| Your assignment |
Given the records below, pull every line with the word "circle" into the answer.

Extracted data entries
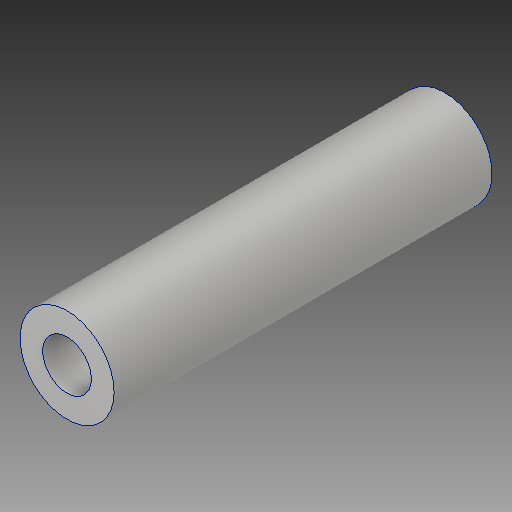
# Autodesk Inventor part: 2AM-17-P-4201 - tube shaft
Saved by Autodesk Inventor 2017 (Build 210142000, 142)
## iProperties
Created: 2017-12-27
Part Number: 2AM-17-P-4201 - tube shaft
Material: Aluminum 6061
Document SubType Name: Modeling
Designer: Micah
Density: 2.7 g/cm^3
Appearance: Aluminum - Flat
Mass: 12.6101 g
Surface Area: 32.4844 cm^2
Volume: 4.6704 cm^3
Author: Micah
Autodesk Inventor part; units mm, degrees
ref_plane "YZ Plane" through (0, 0, 0) normal (1, 0, 0) x (0, 1, 0)
ref_plane "XZ Plane" through (0, 0, 0) normal (0, 1, 0) x (-1, 0, 0)
ref_plane "XY Plane" through (0, 0, 0) normal (0, 0, 1) x (1, 0, 0)
sketch "Sketch1" plane through (0, 0, 0) normal (0, 0, 1) x (1, 0, 0)
  circle A0 centre (0, 0) radius 3.2766
  circle A1 centre (0, 0) radius 6.3246
  dimension "d0" = 50.8
  constraints: 2 centre point
extrude "Extrusion1" add sketch "Sketch1" along normal blind 50.8
body "Solid1"

| Task result |
  circle A0 centre (0, 0) radius 3.2766
  circle A1 centre (0, 0) radius 6.3246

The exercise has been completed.